Three articles featuring educators and education allies fighting for public schools. In this issue we meet educators who organized for pay raises, we examine issues that arise in public schools located in segregated communities, and we lay out five facts about privatization that every education activist should be aware of.
Published: April 24, 2018

Key Takeaways

  1. West Virginia educators finally had enough, so they mobilized bravely staging a 9-day strike that led to a pay raise, and attention to their profession that was sorely missing.
  2. The fallout from America’s segregated communities has lasting harmful effects in today's public schools.
  3. Privatization and private school voucher schemes: we spell out the critical facts.

9 Days, 55 Counties!

A state strike adds up to a win in West Virginia

By Mary Ellen Flannery

West Virginia’s teachers and school support staff were angry. Every year, state officials pledged to invest in public education. And every year, they did not.

This year, after years of empty promises, West Virginia educators erupted. On February 22, they walked out, in every one of the state’s 55 counties. And they stayed out. As educators from across the nation watched, West Virginia educators showed what union solidarity and power look like. They stood united in a historic nine-day statewide strike that didn’t end until March 6, when the governor signed into law a 5 percent pay raise.

“The winners in this are the students of West Virginia and the educators across West Virginia who finally see the first step made towards a true investment in education,” West Virginia Education Association (WVEA) President Dale Lee said.

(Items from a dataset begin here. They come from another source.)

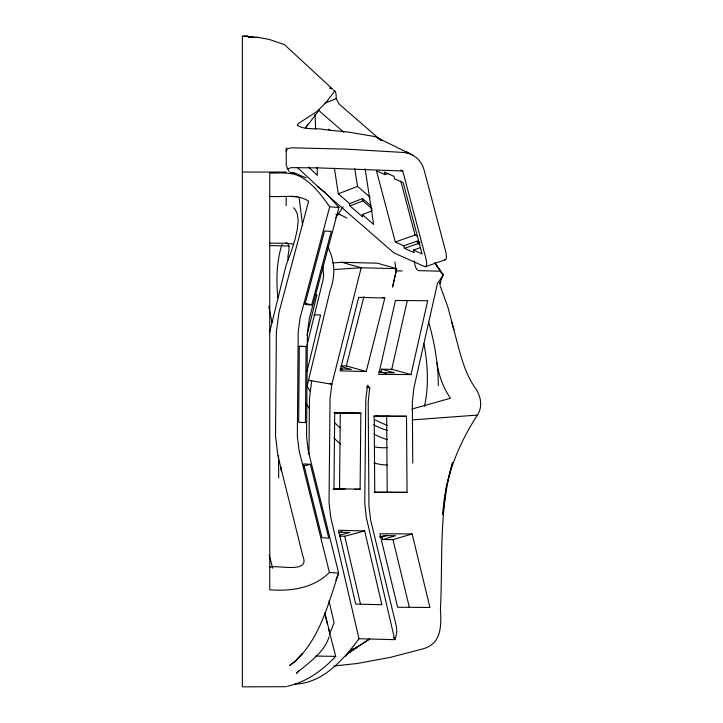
<?xml version="1.0" encoding="UTF-8"?>
<svg xmlns="http://www.w3.org/2000/svg" width="723" height="723" viewBox="0 0 723 723"><rect width="100%" height="100%" fill="white"/><g stroke="black" fill="none" stroke-linecap="round" stroke-linejoin="round"><path stroke-width="1.08" d="M306.064 346.552L305.44 422.657L298.689 422.223L299.313 346.118L306.064 346.552L298.427 346.489M308.938 454.171L309.48 398.237L311.73 380.795M342.783 489.11L339.539 489.091L340.28 412.978L334.026 412.824L345.829 412.878L334.288 412.625M360.108 489.245L360.849 413.14L334.713 412.471L333.972 488.585L360.108 489.245L354.695 489.2M288.197 259.81C286.742 255.156 292.092 245.088 286.172 242.702L286.172 243.217L293.457 244.094M394.749 639.647L366.317 517.496L364.772 503.325L365.784 399.295L367.609 385.16L369.724 387.88L368.197 402.051L368.947 506.082L370.682 520.217L396.023 624.97A21.943 19.864 -89.6 0 1 395.282 638.77L394.749 639.647L359.015 638.743C343.199 659.747 323.163 683.118 294.749 684.157M440.135 284.076L440.063 282.205C439.042 288.658 441.31 277.596 443.045 275.382L437.487 283.353L413.845 388.161L412.318 402.331L412.752 463.127M286.172 151.152L287.646 148.721L291.486 147.817L345.666 149.101L404.211 152.499L410.709 154.035L416.204 157.451A27.438 25.323 -66 0 1 424.175 170.257L445.567 251.107A10.953 3.181 70.6 0 1 444.428 259.629M378.744 371.857L380.858 371.875L381.455 369.218L391.749 369.281L410.989 374.568L427.718 300.714L395.445 300.506L378.716 374.369L410.989 374.568M391.749 369.281L407.248 300.849M307.004 371.432L320.614 314.939L314.008 314.83M307.004 386.597L330.068 290.818C335.544 275.445 335.065 261.843 327.926 247.067M269.444 333.05L286.082 265.214L291.351 251.27L295.12 239.177L297.379 228.947L298.147 220.578L297.406 214.071L295.165 209.417L293.484 207.79M307.004 335.246L316.864 295.047L314.767 294.523M306.932 345.594L322.919 280.407L323.669 275.481L322.82 266.904M341.157 365.775L346.362 365.91L363.886 296.683M384.844 297.993L358.698 297.334L340.09 370.881L366.227 371.541L384.844 297.993L382.747 297.406M329.688 206.832L300.099 317.93L298.192 332.074L297.343 436.105L299.015 450.275L329.426 572.444C313.71 588.206 291.017 591.468 269.751 589.796L269.751 173.068C280.723 173.149 292.652 171.586 302.422 177.822C313.899 184.907 322.069 195.96 329.688 206.832L338.915 207.429L309.327 318.527L307.42 332.67L306.57 436.701L308.242 450.872L338.653 573.041C328.233 604.012 319.765 638.816 294.704 661.708L302.097 654.161L295.382 661.193L289.869 665.296L295.382 661.193L302.368 653.475M311.685 304.952L331.27 231.414L324.519 230.98L304.934 304.519L311.685 304.952L304.311 302.982M329.028 636.846C324.202 652.878 308.45 662.666 296.475 673.294L299.195 670.357M335.87 580.081L338.653 573.041L329.426 572.444M329.218 634.921L334.107 622.828L329.001 600.894M451.387 321.645C458.536 344.148 461.726 369.299 475.761 388.739A31.776 24.79 29.7 0 1 477.415 415.074C457.975 444.961 444.392 478.816 442.865 514.704L446.416 486.443L452.553 462.675C438.563 510.049 442.919 560.144 440.443 608.911C441.292 625.458 441.988 643.416 423.136 648.811L390.275 657.388L357.171 663.506L333.899 666M307.871 124.284L305.486 127.998L318.735 110.682M335.689 217.75L343.19 206.715M380.804 140.208L339.259 104.193L336.249 98.644L336.114 94.957A10.953 7.537 -47 0 0 334.659 91.008L325.892 102.802L316.764 111.604L298.518 123.434L297.216 125.251C305.16 130.483 316.105 127.628 325.223 129.706L348.676 132.137L374.767 136.548L413.61 155.517M328.712 629.227L335.734 656.376C322.639 670.203 306.236 682.304 287.293 686.235M345.007 656.556L353.854 648.278L347.374 653.863L358.283 646.326L348.884 652.48M287.022 168.929L291.514 167.646L318.924 167.908L402.756 170.999L425.793 258.057A10.953 3.181 70.6 0 1 424.654 266.588L393.845 252.86L321.699 190.059M324.916 103.181L336.249 98.644M334.388 168.161L338.328 193.809L357.514 186.362L370.14 197.307M338.328 193.809L349.598 203.588L362.548 198.554L371.026 205.91M349.598 203.588L349.959 205.91L362.91 200.886L372.228 208.965M349.959 205.91L362.675 216.936L362.313 214.614L372.273 210.745M420.072 242.386L417.18 241.102L403.832 245.793L395.3 241.988L376.457 170.809L385.025 174.623L388.106 173.538M395.3 241.988L415.074 235.038L417.126 235.951M403.832 245.793L404.509 248.351L417.858 243.66L419.783 244.519M404.509 248.351L414.143 252.643L413.466 250.077L420.65 247.555M425.558 266.679L445.332 259.729M379.702 536.936L384.012 535.653L395.617 535.725L382.684 539.566L382.042 536.918L379.937 536.9M382.042 536.918L387.438 535.318M382.684 539.566L392.978 539.629L412.137 533.945L429.932 607.456L397.65 607.257L379.864 533.746L412.137 533.945M411.866 409.046L450.465 398.274L449.625 397.017A43.805 23.019 69.3 0 1 437.09 362.829M338.373 532.752L341.979 531.721M339.485 535.21L349.851 532.435L340.452 532.2M339.503 536.114L344.708 536.249L364.681 530.917L381.861 604.735L355.716 604.076L338.536 530.257L364.681 530.917M304.031 465.928L310.375 464.338L328.757 538.165L322.006 537.731L303.624 463.904L310.375 464.338M332.869 262.982L341.834 262.286L377.37 263.19L396.71 268.676L392.589 286.914L396.71 268.676L361.175 267.772L334.731 269.471M412.444 419.891L477.415 415.074M242.368 36.249L247.844 36.15L242.368 36.249L242.368 686.85L286.172 686.687M373.683 416.222L378.147 416.177M389.76 416.249L376.367 416.394L406.498 416.249L407.049 492.363L374.234 492.336M242.368 172.056L286.172 172.056M269.751 196.403C282.467 197.596 297.316 193.475 308.613 201.184L279.024 312.291L276.376 331.902L275.526 435.942L277.849 455.598L302.973 556.52C310.411 574.424 276.276 564.229 269.751 567.365M269.327 243.217L286.172 243.217M248.143 36.855L256.891 37.442L248.143 36.855L252.571 36.909M402.169 270.944L396.068 270.908L394.957 261.889M406.498 416.249L374.216 416.05L374.767 492.155L407.049 492.363M340.28 412.978L360.849 413.14M333.547 488.73L345.088 488.983L333.339 488.893M315.418 656.05L335.734 656.376M269.706 245.567L289.263 246.019M314.641 294.993L316.864 295.047M333.285 488.929L339.539 489.091M291.676 196.294L297.18 196.755M257.045 37.162L269.272 39.431L284.428 44.627L332.788 89.245M308.522 380.271L331.875 384.247L361.175 267.772L341.834 262.286M290.736 172.445L295.752 173.475L306.1 177.894M295.752 173.475L290.899 172.445M381.455 369.218L394.451 372.788L382.838 372.716L379.593 371.821M380.858 371.875L386.272 373.357M366.516 386.995L369.724 387.88M346.362 365.91L366.227 371.541M341.129 366.57L351.441 369.498L339.973 368.676M340.452 369.218L342.521 369.805M329.787 383.66L331.875 384.247L330.05 398.391L329.037 502.422L330.592 516.593L359.015 638.743M400.714 170.095L402.756 170.999M413.466 250.077L422.069 253.918L403.226 182.729L394.659 178.915L393.981 176.349L384.347 172.065L385.025 174.623M375.255 419.982L387.221 425.531M376.782 137.388L382.232 140.045M405.856 151.514L410.709 154.035M393.429 637.596L395.282 638.77M377.523 137.75L380.66 140.126M317.433 186.489L325.278 192.49L338.915 207.429M333.538 90.104L334.966 91.279M343.814 132.228L320.081 111.649L319.286 109.788M328.387 129.137L330.004 130.538M362.313 214.614L373.674 224.464L365.106 168.703M308.432 167.004L317.37 175.318L317.072 167.42M297.397 167.51L320.84 189.336M443.461 275.499L439.946 271.188L418.391 270.637C415.047 268.64 414.794 264.338 414.288 260.876M435.138 263.226L443.244 274.595M434.686 262.82L439.864 270.176L434.875 263.036M289.2 171.74L286.29 165.684L286.172 147.799M453.999 329.769L447.772 306.751L440.072 285.639M417.18 241.102L417.858 243.66M400.795 181.112L415.074 235.038M324.934 612.932L329.354 631.215M269.209 555.074L272.67 568.179M325.07 615.11L327.311 623.804M392.978 539.629L409.435 607.654M344.708 536.249L360.623 604.645M299.123 197.334L302.621 225.54M362.548 198.554L362.91 200.886M354.767 168.522L357.514 186.362M315.074 114.397L315.626 129.065M281.066 467.365L281.093 470.727M278.518 455.553L278.707 477.93M386.66 416.457L387.212 492.562M286.172 196.728L286.172 205.703M387.166 464.97A142.368 74.794 69.3 0 1 373.972 462.991M340.47 444.012A142.368 74.794 69.3 0 1 333.954 438.111M309.354 408.504A142.368 74.794 69.3 0 1 306.254 403.814M272.074 322.494A142.368 74.794 69.3 0 1 268.839 306.308M428.567 321.997A142.368 74.794 69.3 0 1 438.301 385.684M387.338 430.293A113.9 59.837 69.3 0 1 373.737 424.826M335.879 214.55A113.9 59.837 69.3 0 1 340.208 214.288M387.284 439.62A124.302 65.305 69.3 0 1 373.963 433.999M387.185 447.546A124.302 65.305 69.3 0 1 374.686 446.85M340.153 427.88A124.302 65.305 69.3 0 1 334.315 422.377M310.095 391.197A124.302 65.305 69.3 0 1 306.651 385.404M277.876 297.74A124.302 65.305 69.3 0 1 281.997 244.446M337.641 213.818A124.302 65.305 69.3 0 1 346.904 218.102M423.913 343.705A124.302 65.305 69.3 0 1 424.41 406.326M369.625 639.005L349.833 651.92L369.625 639.005M330.718 88.351L329.787 88.007L331.631 88.821L330.718 88.351"/></g></svg>
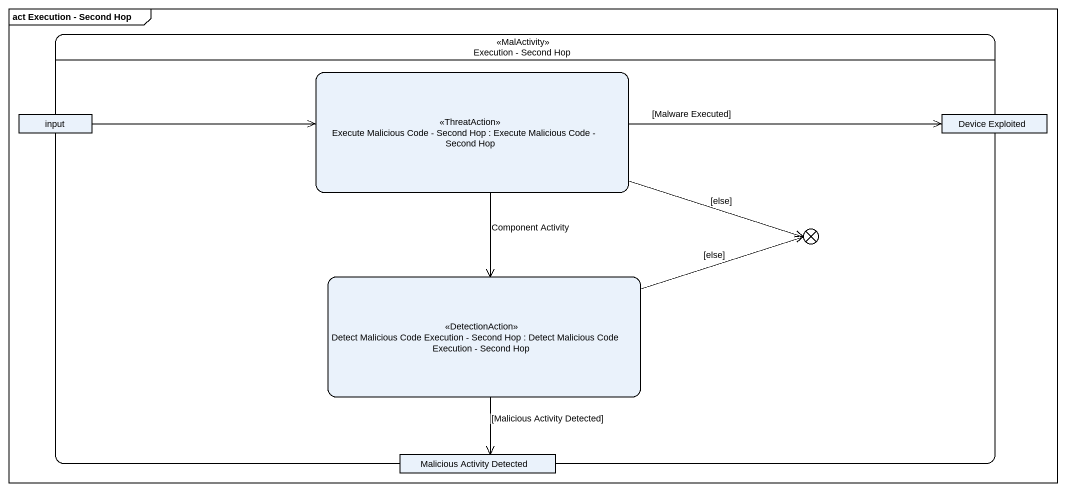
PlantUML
@startuml
mainframe act Execution - Second Hop
hide empty description
state "Execution - Second Hop" as Execution_Second_Hop <<MalActivity>> {
  state "Execute Malicious Code - Second Hop : Execute Malicious Code - Second Hop" as Execute_Malicious_Code <<ThreatAction>>
  state input <<object>>
  state "Device Exploited" as Device_Exploited <<object>>
  state flowfinal1 <<end>>
  state "Detect Malicious Code Execution - Second Hop : Detect Malicious Code Execution - Second Hop" as Detect_Malicious_Code <<DetectionAction>>
  state "Malicious Activity Detected" as Malicious_Activity_Detected <<object>>
}
Execute_Malicious_Code -right-> Device_Exploited : [Malware Executed]
Execute_Malicious_Code -right-> flowfinal1 : [else]
Execute_Malicious_Code --> Detect_Malicious_Code : Component Activity
input -right-> Execute_Malicious_Code
Detect_Malicious_Code -right-> flowfinal1 : [else]
Detect_Malicious_Code --> Malicious_Activity_Detected : [Malicious Activity Detected]
@enduml
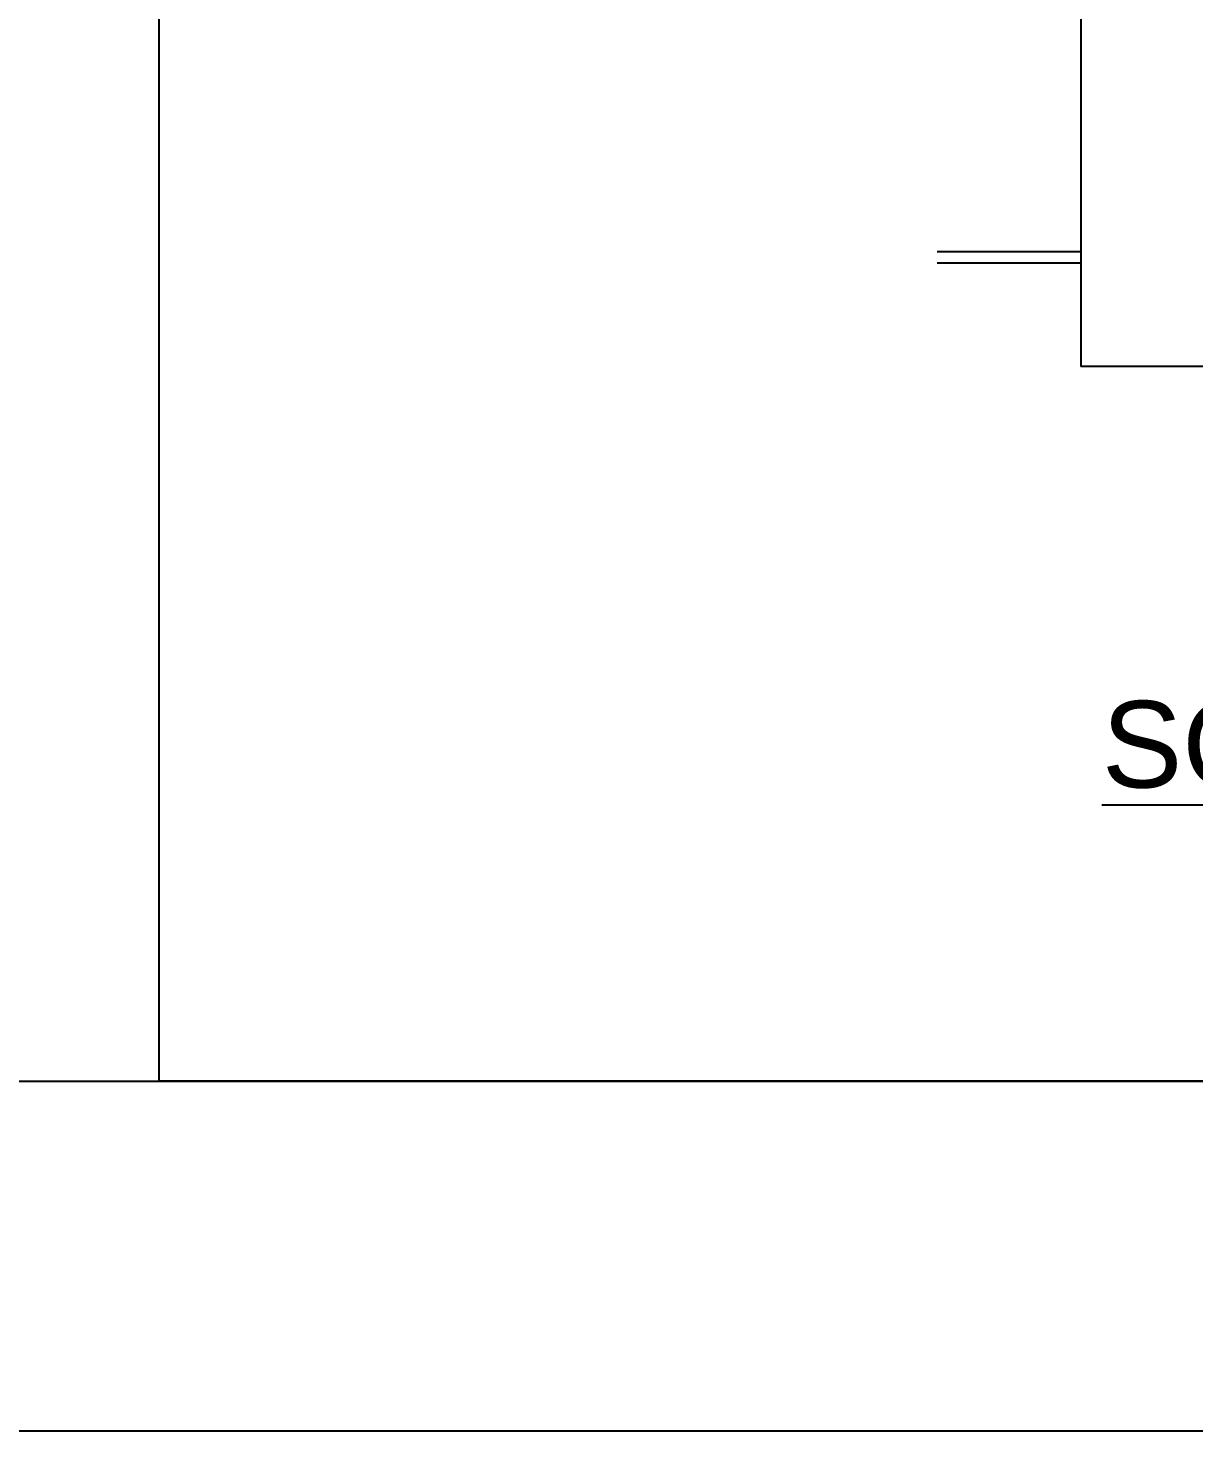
# Model space of a CAD drawing. Header units: metres. Extents: x 119974 to 120330, y -25692 to -25590.
# Drawn here: x 120043.01 to 120045.496, y -25687.545 to -25684.554 of the extents above; entities that cross this region are included whole.
import ezdxf

# ---------------------------------------------------------------- set-up
doc = ezdxf.new("R2010")
doc.units = ezdxf.units.M
doc.header["$MEASUREMENT"] = 0
doc.layers.add('sheet', color=7, linetype='Continuous')
doc.styles.add('STYLE4', font='arial.ttf', dxfattribs={"height": 1.2})

# ---------------------------------------------------------------- blocks, each defined once
blk = doc.blocks.new('RWH1')
blk.add_lwpolyline([(-7.6602, 0), (0, 0), (0, 6.6537), (-7.6602, 6.6537)], close=True)
blk = doc.blocks.new('SWH')
at = {"lineweight": -2, "ltscale": 10}
for p, q in [((-3.448, 2.4093), (-3.448, 1.3581)), ((-3.448, 1.5759), (-3.7205, 1.5759)), ((-3.448, 1.554), (-3.7205, 1.554)), ((-2.9224, 1.3581), (-3.448, 1.3581))]:
    blk.add_line(p, q, dxfattribs=at)
blk.add_lwpolyline([(-5.1984, 5.7511), (0, 5.7511), (0, 0), (-5.1984, 0)], close=True)
at = {"lineweight": -2, "insert": (-3.5105, 0.7225), "char_height": 0.164592, "width": 2.861754, "attachment_point": 1, "style": 'STYLE4'}
blk.add_mtext('{\\W1.60306;\\L \\W1;SOLAR WATER HEATER}', dxfattribs=at)

msp = doc.modelspace()

# ---------------------------------------------------------------- linework, layer by layer
at = {"layer": 'sheet', "color": 8}
msp.add_lwpolyline([(120019.2172, -25601.1039), (120019.2172, -25687.5455), (120143.589, -25687.5455), (120143.589, -25601.1039)], close=True, dxfattribs=at)
at = {"layer": 'sheet'}
msp.add_lwpolyline([(120019.9631, -25601.8498), (120019.9631, -25686.7996), (120142.843, -25686.7996), (120142.843, -25601.8498)], close=True, dxfattribs=at)

# ---------------------------------------------------------------- block references
for name, p, xscale, yscale, zscale in [('RWH1', (120043.2898, -25686.7996), 0.9701286320787412, 0.9701286320787412, 0.9701286320787412), ('SWH', (120049.1245, -25686.7996), 1.122397184188502, 1.122397184188502, 1.122397184188502)]:
    msp.add_blockref(name, p, dxfattribs=dict(xscale=xscale, yscale=yscale, zscale=zscale))

doc.saveas('drawing.dxf')

Before the strike, West Virginia teachers ranked 48th in the country in teacher pay. Making matters worse, educators faced rising healthcare premiums from the state-controlled Public Employees Insurance Agency (PEIA). Their take-home pay actually was declining each year.

With teachers earning $20,000 more a year across state lines, the recruitment and retention of qualified teachers for West Virginia students has become a very difficult task.

“The mass exodus from teaching is not because of the long hours. It is not because of lack of passion. It is not even because of challenging environments. The exodus is because our state has decided its priorities lie elsewhere. Teachers are forced out because we can’t afford to teach.” said Webster County high school science teacher Casey Compton.

In the deal signed into law by the governor, all West Virginia teachers and support staff—indeed, all public employees—will get 5 percent pay raises, boosting West Virginia teacher pay to 43rd in the nation. It is a necessary first step to help attract—and keep—quality teachers to West Virginia classrooms, educators said.

Equally important, Gov. Jim Justice froze healthcare costs and also established by executive order a state task force to find a long-term solution to PEIA. That task force will include the voice of a WVEA member, as well as members of the state’s other education unions.

Although the strike began on February 22, it was years in the making. In 1990, the last time West Virginia teachers went on a large-scale strike, pay ranked 49th in the country. Decades later, it wasn’t much improved. In the weeks leading up to the strike WVEA members in eight counties participated in rolling walkouts. In the days before, an energetic pre-strike rally brought thousands to the Capitol steps in Charleston, including NEA Vice President Becky Pringle.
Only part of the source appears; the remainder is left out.